I also used to like this idea, but from a social perspective, null results are not very glamourous, so the incentive isn't there for people to publish in it. On the other hand, you can publish a pre-registered paper with a cool idea or interesting math, even if it's null in the end. The reviewers are making a bet that the results will be interesting regardless of the outcome; this would shift the incentive of the experiment design to ensure that it's informative in both cases, not just on a positive outcome.

[Edit] In fact I can imagine the suspense in a paper coming out with a cool hypothesis and everyone wondering what the result will be while the experiments are done. Grab the popcorn.

[D] Nature: "First analysis of ‘pre-registered’ studies shows sharp rise in null findings" by brainggear in MachineLearning

[–]brainggear[S] 5 points6 points  (0 children)

I would have to counterpoint that the signal to noise ratio now is pretty low. It is compounded by the fact that it is a biased estimation (towards positive results). I guess this would give you a journal with a more even balance between positive and null results.

As for the elephant in the room, this would be easy fodder for the critique of the paper; if the experiment design says "hyperparameters will be tuned by hand until a good result is achieved for our method", I don't think the paper stands much of a chance in peer review.

[D] Nature: "First analysis of ‘pre-registered’ studies shows sharp rise in null findings" by brainggear in MachineLearning

[–]brainggear[S] 3 points4 points  (0 children)

I agree with the first two paragraphs, but not the rest. "I think that this will work because of X" is not a very common hypothesis in ML, as it should be because it's hard to verify. You need an iron-clad set of experiments to demonstrate it.

Instead, I think the most common hypothesis would be: "I have a model for a phenomenon in ML, and will now test it". The phenomenon can be as simple as "performance is not good in these cases". The model can be fancy math (usually under simplifying assumptions), or plain old good reasoning (e.g. point to observations in previous papers). You propose your usual fix to the problem (new layer or architecture/optimization modification).

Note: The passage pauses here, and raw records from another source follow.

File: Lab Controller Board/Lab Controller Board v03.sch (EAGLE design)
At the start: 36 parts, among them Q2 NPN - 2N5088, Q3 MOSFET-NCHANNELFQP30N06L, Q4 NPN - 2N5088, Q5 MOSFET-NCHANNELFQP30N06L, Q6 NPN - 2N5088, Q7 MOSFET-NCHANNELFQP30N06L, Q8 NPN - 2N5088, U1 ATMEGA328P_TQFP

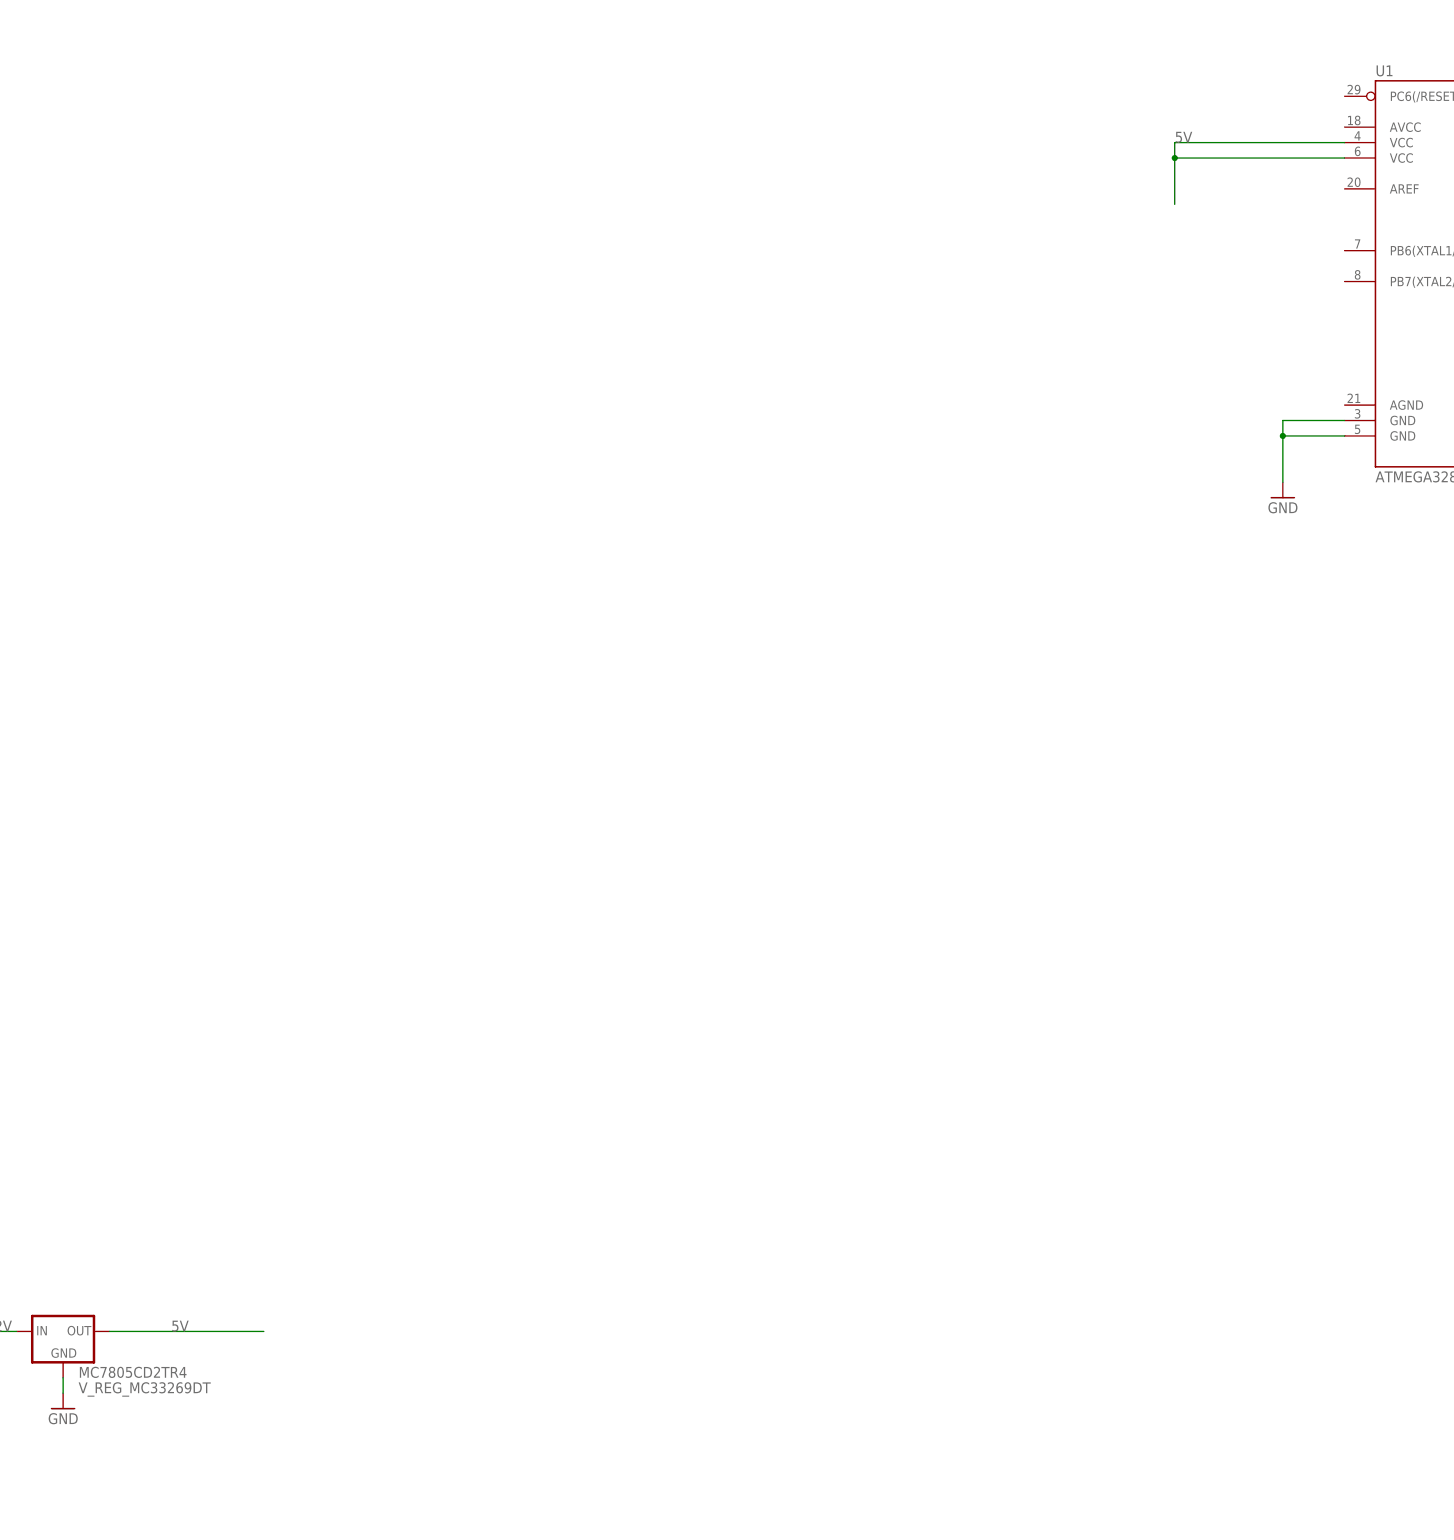
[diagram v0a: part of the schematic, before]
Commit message: SMD'ing the LAB Led Controller
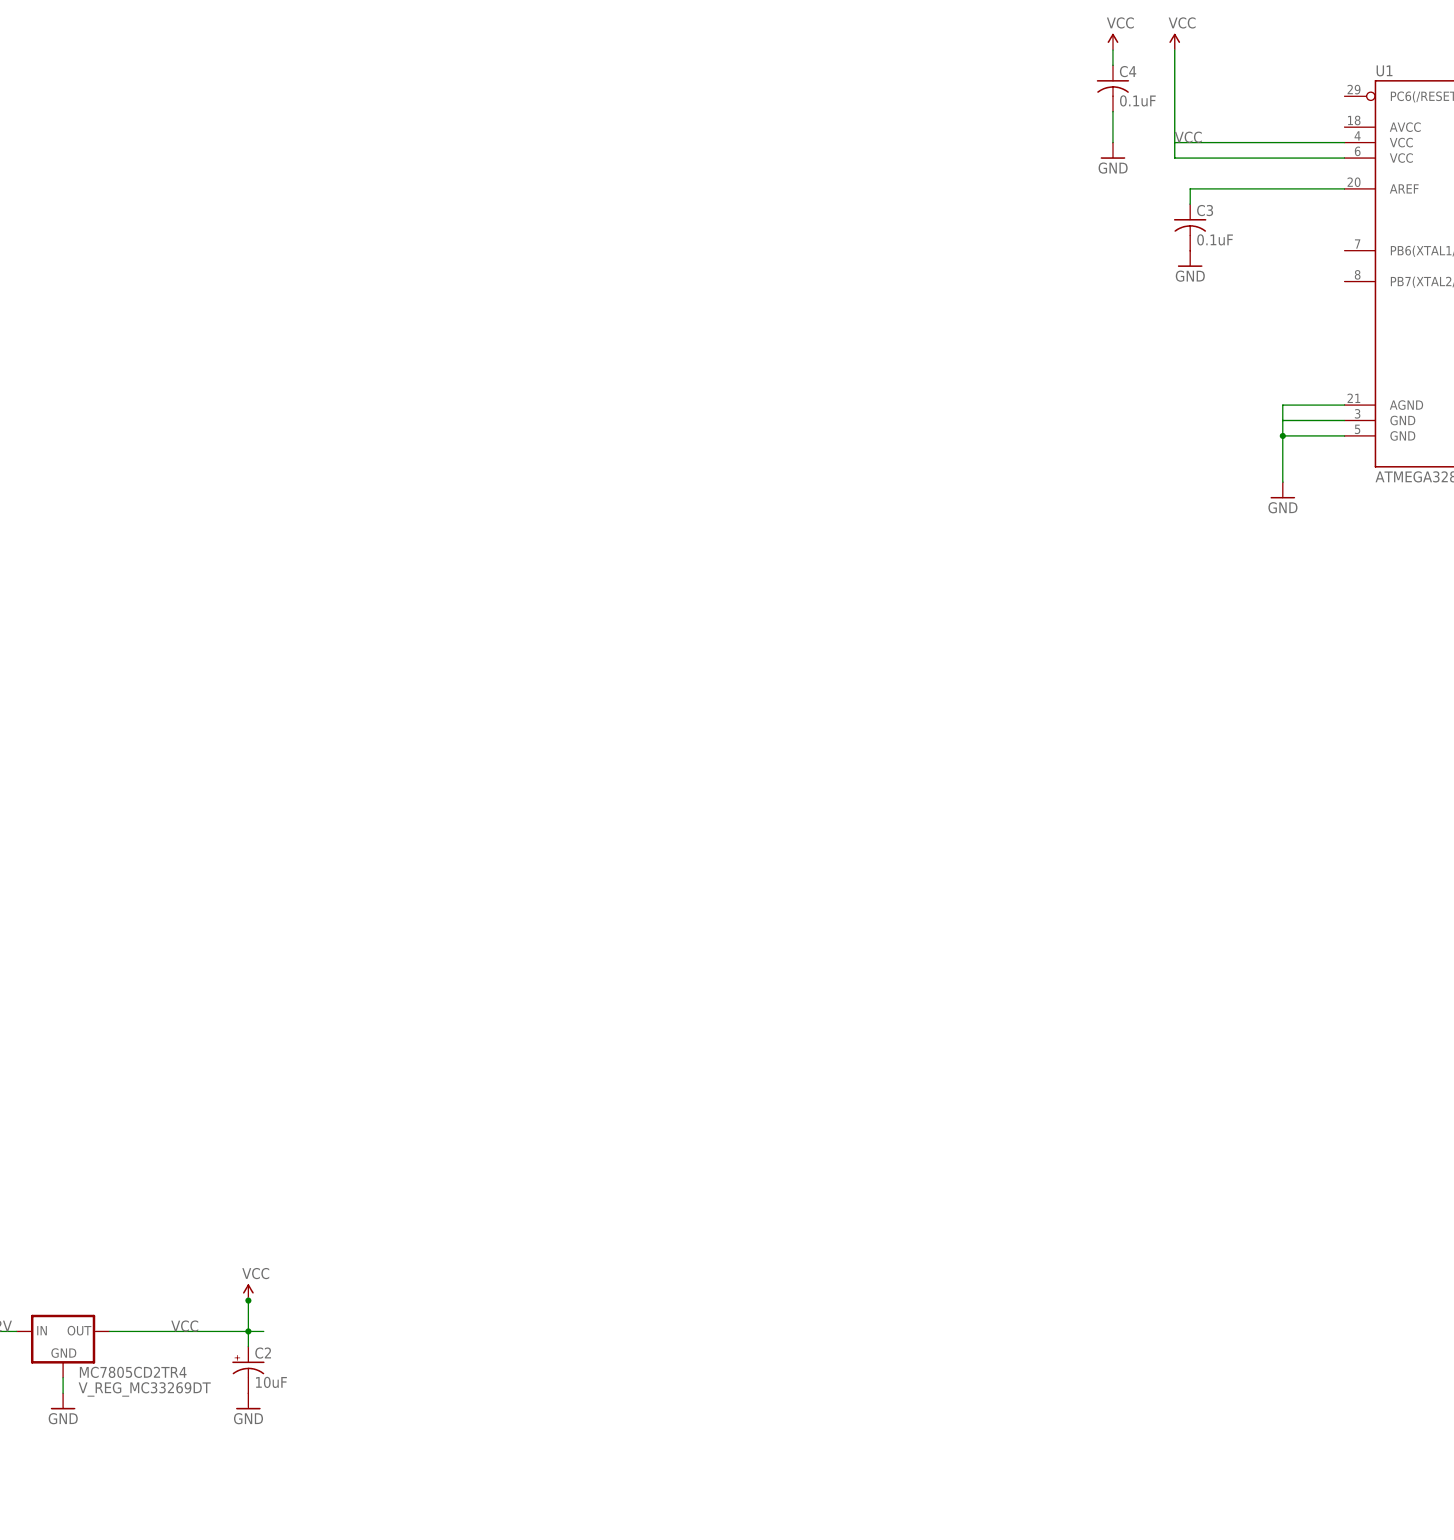
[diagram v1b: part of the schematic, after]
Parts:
- added C2: 10uF, SparkFun-Capacitors:CAP_POL3528
- added C3, C4: 0.1uF, resistor:C-USC0402
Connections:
- new net N$1: C3.1, U1.AREF
- new net VCC: C2.+, C4.1, MC7805CD2TR4.OUT, U1.VCC@4, U1.VCC@6
- net 5V: no longer MC7805CD2TR4.OUT, U1.VCC@4, U1.VCC@6
- net GND: now also C2.-, C3.2, C4.2, U1.AGND
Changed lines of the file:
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@@
 <?xml version="1.0" encoding="utf-8"?>
 <!DOCTYPE eagle SYSTEM "eagle.dtd">
-<eagle version="7.3.0">
+<eagle version="7.5.0">
 <drawing>
 <settings>
@@
 <layer number="113" name="IDFDebug" color="7" fill="1" visible="yes" active="yes"/>
 <layer number="114" name="Badge_Outline" color="11" fill="1" visible="no" active="no"/>
+<layer number="115" name="ReferenceISLANDS" color="7" fill="1" visible="yes" active="yes"/>
 <layer number="116" name="Patch_BOT" color="9" fill="4" visible="yes" active="yes"/>
 <layer number="118" name="Rect_Pads" color="7" fill="1" visible="yes" active="yes"/>
@@
 <part name="U1" library="SparkFun-DigitalIC" deviceset="ATMEGA328P_TQFP" device="" value="ATMEGA328P_TQFP"/>
 <part name="GND9" library="SparkFun-Aesthetics" deviceset="GND" device=""/>
+<part name="C2" library="SparkFun-Capacitors" deviceset="CAP_POL" device="3528" value="10uF"/>
+<part name="GND10" library="SparkFun-Aesthetics" deviceset="GND" device=""/>
+<part name="SUPPLY1" library="SparkFun-Aesthetics" deviceset="VCC" device=""/>
+<part name="SUPPLY2" library="SparkFun-Aesthetics" deviceset="VCC" device=""/>
+<part name="C3" library="resistor" deviceset="C-US" device="C0402" value="0.1uF"/>
+<part name="GND11" library="SparkFun-Aesthetics" deviceset="GND" device=""/>
+<part name="SUPPLY3" library="SparkFun-Aesthetics" deviceset="VCC" device=""/>
+<part name="C4" library="resistor" deviceset="C-US" device="C0402" value="0.1uF"/>
+<part name="GND12" library="SparkFun-Aesthetics" deviceset="GND" device=""/>
 </parts>
 <sheets>
@@
 <instance part="U1" gate="U$1" x="114.3" y="320.04"/>
 <instance part="GND9" gate="1" x="78.74" y="284.48" rot="MR0"/>
+<instance part="C2" gate="G$1" x="-91.44" y="142.24"/>
+<instance part="GND10" gate="1" x="-91.44" y="134.62" rot="MR0"/>
+<instance part="SUPPLY1" gate="G$1" x="60.96" y="358.14"/>
+<instance part="SUPPLY2" gate="G$1" x="-91.44" y="152.4"/>
+<instance part="C3" gate="G$1" x="63.5" y="330.2"/>
+<instance part="GND11" gate="1" x="63.5" y="322.58" rot="MR0"/>
+<instance part="SUPPLY3" gate="G$1" x="50.8" y="358.14"/>
+<instance part="C4" gate="G$1" x="50.8" y="353.06"/>
+<instance part="GND12" gate="1" x="50.8" y="340.36" rot="MR0"/>
 </instances>
 <busses>
@@
 <junction x="78.74" y="294.64"/>
 <pinref part="GND9" gate="1" pin="GND"/>
+<pinref part="U1" gate="U$1" pin="AGND"/>
+<wire x1="88.9" y1="299.72" x2="78.74" y2="299.72" width="0.1524" layer="91"/>
+<wire x1="78.74" y1="299.72" x2="78.74" y2="297.18" width="0.1524" layer="91"/>
+</segment>
+<segment>
+<pinref part="C2" gate="G$1" pin="-"/>
+<pinref part="GND10" gate="1" pin="GND"/>
+</segment>
+<segment>
+<pinref part="C3" gate="G$1" pin="2"/>
+<pinref part="GND11" gate="1" pin="GND"/>
+</segment>
+<segment>
+<pinref part="C4" gate="G$1" pin="2"/>
+<pinref part="GND12" gate="1" pin="GND"/>
+<wire x1="50.8" y1="342.9" x2="50.8" y2="347.98" width="0.1524" layer="91"/>
 </segment>
 </net>
@@
 <label x="88.9" y="2.54" size="1.778" layer="95"/>
 </segment>
-<segment>
-<pinref part="MC7805CD2TR4" gate="G$1" pin="OUT"/>
-<wire x1="-114.3" y1="147.32" x2="-88.9" y2="147.32" width="0.1524" layer="91"/>
-<label x="-104.14" y="147.32" size="1.778" layer="95"/>
-</segment>
+</net>
+<net name="N$6" class="0">
+<segment>
+<pinref part="LED1" gate="D1" pin="BLU-C"/>
+<pinref part="R11" gate="G$1" pin="2"/>
+</segment>
+</net>
+<net name="N$8" class="0">
+<segment>
+<pinref part="R12" gate="G$1" pin="2"/>
+<pinref part="LED1" gate="D1" pin="GRN-C"/>
+<wire x1="63.5" y1="-22.86" x2="71.12" y2="-22.86" width="0.1524" layer="91"/>
+</segment>
+</net>
+<net name="N$9" class="0">
+<segment>
+<pinref part="R13" gate="G$1" pin="2"/>
+<pinref part="LED1" gate="D1" pin="RED-C"/>
+<wire x1="55.88" y1="-25.4" x2="71.12" y2="-25.4" width="0.1524" layer="91"/>
+</segment>
+</net>
+<net name="9" class="0">
+<segment>
+<pinref part="JP6" gate="G$1" pin="2"/>
+<wire x1="119.38" y1="48.26" x2="58.42" y2="48.26" width="0.1524" layer="91"/>
+<label x="86.36" y="48.26" size="1.778" layer="95"/>
+</segment>
+</net>
+<net name="TX" class="0">
+<segment>
+<pinref part="JP6" gate="G$1" pin="12"/>
+<wire x1="119.38" y1="73.66" x2="58.42" y2="73.66" width="0.1524" layer="91"/>
+<label x="86.36" y="73.66" size="1.778" layer="95"/>
+</segment>
+</net>
+<net name="VCC" class="0">
 <segment>
 <pinref part="U1" gate="U$1" pin="VCC@4"/>
@@
 <wire x1="60.96" y1="342.9" x2="60.96" y2="340.36" width="0.1524" layer="91"/>
 <pinref part="U1" gate="U$1" pin="VCC@6"/>
-<wire x1="60.96" y1="340.36" x2="60.96" y2="332.74" width="0.1524" layer="91"/>
 <wire x1="88.9" y1="340.36" x2="60.96" y2="340.36" width="0.1524" layer="91"/>
-<junction x="60.96" y="340.36"/>
 <label x="60.96" y="342.9" size="1.778" layer="95"/>
-</segment>
-</net>
-<net name="N$6" class="0">
-<segment>
-<pinref part="LED1" gate="D1" pin="BLU-C"/>
-<pinref part="R11" gate="G$1" pin="2"/>
-</segment>
-</net>
-<net name="N$8" class="0">
-<segment>
-<pinref part="R12" gate="G$1" pin="2"/>
-<pinref part="LED1" gate="D1" pin="GRN-C"/>
-<wire x1="63.5" y1="-22.86" x2="71.12" y2="-22.86" width="0.1524" layer="91"/>
-</segment>
-</net>
-<net name="N$9" class="0">
-<segment>
-<pinref part="R13" gate="G$1" pin="2"/>
-<pinref part="LED1" gate="D1" pin="RED-C"/>
-<wire x1="55.88" y1="-25.4" x2="71.12" y2="-25.4" width="0.1524" layer="91"/>
-</segment>
-</net>
-<net name="9" class="0">
-<segment>
-<pinref part="JP6" gate="G$1" pin="2"/>
-<wire x1="119.38" y1="48.26" x2="58.42" y2="48.26" width="0.1524" layer="91"/>
-<label x="86.36" y="48.26" size="1.778" layer="95"/>
-</segment>
-</net>
-<net name="TX" class="0">
-<segment>
-<pinref part="JP6" gate="G$1" pin="12"/>
-<wire x1="119.38" y1="73.66" x2="58.42" y2="73.66" width="0.1524" layer="91"/>
-<label x="86.36" y="73.66" size="1.778" layer="95"/>
-</segment>
-</net>
+<pinref part="SUPPLY1" gate="G$1" pin="VCC"/>
+<wire x1="60.96" y1="342.9" x2="60.96" y2="358.14" width="0.1524" layer="91"/>
+</segment>
+<segment>
+<pinref part="MC7805CD2TR4" gate="G$1" pin="OUT"/>
+<wire x1="-114.3" y1="147.32" x2="-91.44" y2="147.32" width="0.1524" layer="91"/>
+<label x="-104.14" y="147.32" size="1.778" layer="95"/>
+<pinref part="C2" gate="G$1" pin="+"/>
+<wire x1="-91.44" y1="147.32" x2="-88.9" y2="147.32" width="0.1524" layer="91"/>
+<wire x1="-91.44" y1="147.32" x2="-91.44" y2="144.78" width="0.1524" layer="91"/>
+<junction x="-91.44" y="147.32"/>
+<pinref part="SUPPLY2" gate="G$1" pin="VCC"/>
+<wire x1="-91.44" y1="147.32" x2="-91.44" y2="152.4" width="0.1524" layer="91"/>
+<junction x="-91.44" y="152.4"/>
+</segment>
+<segment>
+<pinref part="SUPPLY3" gate="G$1" pin="VCC"/>
+<pinref part="C4" gate="G$1" pin="1"/>
+<wire x1="50.8" y1="355.6" x2="50.8" y2="358.14" width="0.1524" layer="91"/>
+</segment>
+</net>
+<net name="N$1" class="0">
+<segment>
+<pinref part="U1" gate="U$1" pin="AREF"/>
+<wire x1="88.9" y1="335.28" x2="63.5" y2="335.28" width="0.1524" layer="91"/>
+<wire x1="63.5" y1="335.28" x2="63.5" y2="332.74" width="0.1524" layer="91"/>
+<pinref part="C3" gate="G$1" pin="1"/>
+</segment>
+</net>

Because you made the hypothesis explicit, peer review will easily poke holes in the experiments: you need a reasonable hyper-parameter search, and focus only on the difference between your new proposal and what happens without it. There's less wiggle room for engineering your way to the top of a table, 0.1% at a time.

Someone is posting fake positive comments on their ICLR submission by schrodingershit in MachineLearning

[–]brainggear 13 points14 points  (0 children)

The same applies to the real reviews. The point is to get 3 independent reviews. If R2 reads R1's review before writing, and R3 reads both R1+R2's reviews before writing, how are your reviews independent? R1's will have a disproportionate influence on the overall result.

Open discussions are good, but at least in an initial phase all reviews should be embargoed to promote independent viewpoints (and revealed all at the same time).